Pernah ku dengar bisikan kenikmatan
Tapi kurasakan pahitnya penyesalan
Dan ..
Hingga ku terlena dedngan surge dunia
Kudapati  siksaan neraka akhirat.


Untuk si pecundang

Hei
Orang orang yang masih duduk di sana 
Dengan hati keluh kesah 
Degan rasa gundah gelisah

Hei 
Kenapa kata tak bijak itu kau tuturkan ?
Sedangkan omongan mereka kau degarkan
Tanpa pernah engkau kerjakan

Hei
Lembaran yang engkau anggap nyawakah yang engkau inginkan?
Lembaran suci terjaga itukah yang kalian hiraukan?
Ataukah seruan panggilan yang kau tinggalkan?
Demi sebuah keselamatan 

Mungkin kau anggap ini dmi kehormatan
Ketauhilah kau hanya sekedar kotoran
Entah apa yang engkau lakukan?




Juga kau, begitu pula aku

Caci maki saja aku
Dan pula dirimu
Meski kau tak tahu
Pantaskah kata itu terucap
Dan pula rahasiamu terkuak
Karena kau salah bergerak

Engkau…
Masih tetap yang dulu
Masih sering mengadu
Dan pula aku

Lebih baik kau diam 
Lebih baik aku membungkam
Mari kita lakukan.


Jalur dakwah tersendat

Bunda,
Kenapa langit hitam menyelimuti bumi 
Bukankah matahari ingin bersinar lebih lama?
Bunda..
Kenapa lautan menenggelamkan matahari
Tidakkah air itu takut matahari?

Bunda,
Bumi ini gelap
Mereka tak bisa melihat
Meski mereka berbadan tegap
Tapi pikiran mereka tak kuat

Bunda… mengapa?
Matahari tak bisa bebas bersinar
Matahari kini sudah tak sabar
Mau kemana air ini disebar?

Nanti ku ajak dia ke fajar
Dan arah terbitnya tertukar 
Ketika bumi tak lagi berputar
Tak ada lagi kata terlotar
Tinggal mereka yang menyebut “Allahu akbar” .

kumpulan puisi 2007

Motto kehidupan

Tidak ada masalah di dunia ini
Yang ada adalah tantangan.

Kesuskesan memerlukan perjuangan.

Kita mengatur waktu
Bukan waktu mengatur kita.
Jadikanlah sebuah tantangan itu menjadi sebuah permainan seru dan menegangkan.

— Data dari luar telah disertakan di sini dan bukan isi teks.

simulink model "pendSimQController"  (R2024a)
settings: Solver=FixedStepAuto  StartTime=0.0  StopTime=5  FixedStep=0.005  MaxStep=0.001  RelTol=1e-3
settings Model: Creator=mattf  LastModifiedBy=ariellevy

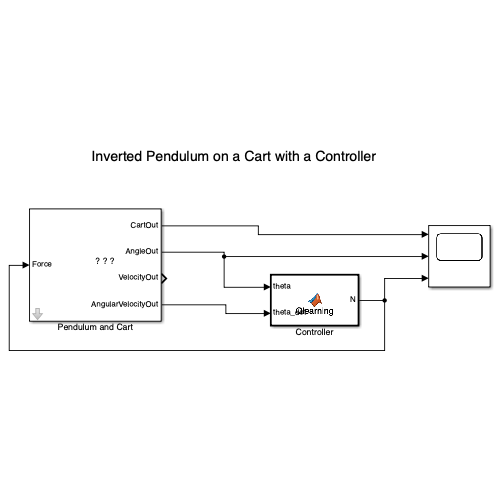
[thumbnail: Simulink's stored preview of the top-level diagram]
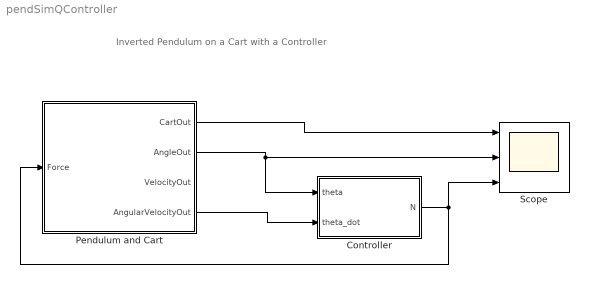
== system pendSimQController ==
  note: Inverted Pendulum on a Cart with a Controller
  Controller : MATLAB Function  TreatAsAtomicUnit=on  SystemSampleTime=0.005
  Pendulum and Cart : Subsystem  mask{Mcart=0.5, m=0.2, l=0.3/2, g=9.8, init=0.07}
      mask prompts: Mcart "Cart Mass (kg):"; m "Pend Mass (kg):"; l "COM Distance (m):"; g "Acc due to Gravity (g):"; init "Initial Angle (rad):"
      mask Display: image('pen img.png');
  Scope : Scope  NumInputPorts=3
  wires:
  Pendulum and Cart/2(AngleOut) -> Controller/1(theta), Scope/2
  Controller/1(N) -> Scope/3, Pendulum and Cart/1(Force)
  Pendulum and Cart/1(CartOut) -> Scope/1
  Pendulum and Cart/4(AngularVelocityOut) -> Controller/2(theta_dot)

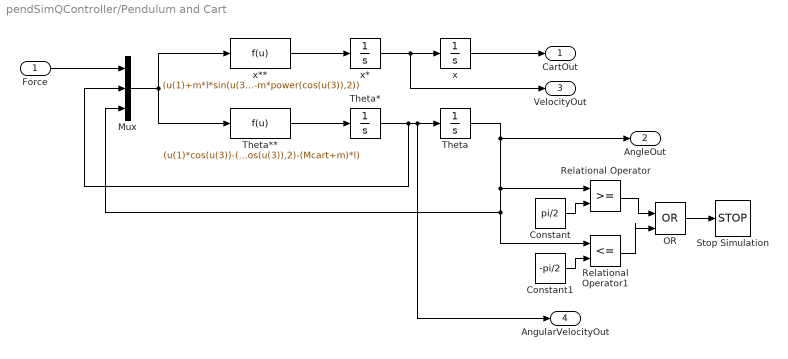
== system pendSimQController/Pendulum and Cart ==
  Force : Inport
  Constant : Constant  Value=pi/2
  Constant1 : Constant  Value=-pi/2
  Mux : Mux  Inputs=3
  OR : Logic  Operator=OR  IconShape=distinctive  AllPortsSameDT=off  OutDataTypeStr=boolean
  Relational Operator : RelationalOperator  OutDataTypeStr=boolean  RndMeth=Simplest  InputSameDT=off
  Relational Operator1 : RelationalOperator  Operator=<=  OutDataTypeStr=boolean  RndMeth=Simplest  InputSameDT=off
  Stop Simulation : Stop
  Theta : Integrator  InitialCondition=init
  Theta* : Integrator
  Theta** : Fcn  Expr=(u(1)*cos(u(3))-(Mcart+m)*g*sin(u(3))+m*l*cos(u(3))*sin(u(3))*power(u(2),2))/(m*l*power(cos(u(3)),2)-(Mcart+m)*l)
  x : Integrator
  x* : Integrator
  x** : Fcn  Expr=(u(1)+m*l*sin(u(3))*power(u(2),2)-m*g*cos(u(3))*sin(u(3)))/(Mcart+m-m*power(cos(u(3)),2))
  CartOut : Outport
  AngleOut : Outport  Port=2
  VelocityOut : Outport  Port=3
  AngularVelocityOut : Outport  Port=4
  wires:
  Mux/1 -> x**/1, Theta**/1
  x/1 -> CartOut/1
  Force/1 -> Mux/1
  Theta**/1 -> Theta*/1
  x**/1 -> x*/1
  Theta/1 -> AngleOut/1, Relational Operator1/1, Mux/3, Relational Operator/1
  x*/1 -> VelocityOut/1, x/1
  Theta*/1 -> Mux/2, AngularVelocityOut/1, Theta/1
  Constant/1 -> Relational Operator/2
  OR/1 -> Stop Simulation/1
  Relational Operator1/1 -> OR/2
  Constant1/1 -> Relational Operator1/2
  Relational Operator/1 -> OR/1

== matlab function pendSimQController/Controller ==
  settings: updateMethod=DISCRETE
  data: N output; theta input; theta_dot input
function N = Qlearning(theta, theta_dot)

    % call extrinsic python function
    coder.extrinsic('py.QLearningController.controller_call');

    % Call Python function and return result
    N = coder.nullcopy(zeros(1,1)); % no clue why, but this is need.
    N = double(py.QLearningController.controller_call(theta, theta_dot));
    end

Semurah murahnya budak adalah budak nafsu.

Anggaplah bahwasanya kamu adalah manusia paling beruntung di dunia.

Siapapun dia-bagaimanapun dia- saya pasti bisa lebih dari dia.


Aku

Aku
Datang dari negeri pulau seribu
Seorang pemuda lugu datang kesini untuk mencari ilmu
Tapi Cuma janji palsu
Janji palsu masa lalu

Ketika telepon bordering kencang
Aku berteriak
“ibu doakan aku yang sedang berjuang menuntut ilmu”

Uang berjuta juta
Padahal bukan orang kaya
Keringat tengik membasahi
Meski bukan petani

Tapi apa yagn terjadi
Dari usaha setengah mati
 membuang hari
Yang selalu berubah silih berganti

Air keringat
Tanpa perasaan aku balas dengan air maksiat
Air yang kutumpahkan diatas meja benda padat
Aku bukan bagian dari tobat
Aku adalah pengkhianat

Aku penjahat yang keji
Yang bersembunyi
Yang telah dikasih hati
Tapi…
Justru malah menyakiti
Hati
Orang yang telah membawaku ke dunia ini
Ummi

Aku telah berbohong
Itu semua omong kosong
Janji yang kopong
Bagaikan tong yang kosong

To be continue…..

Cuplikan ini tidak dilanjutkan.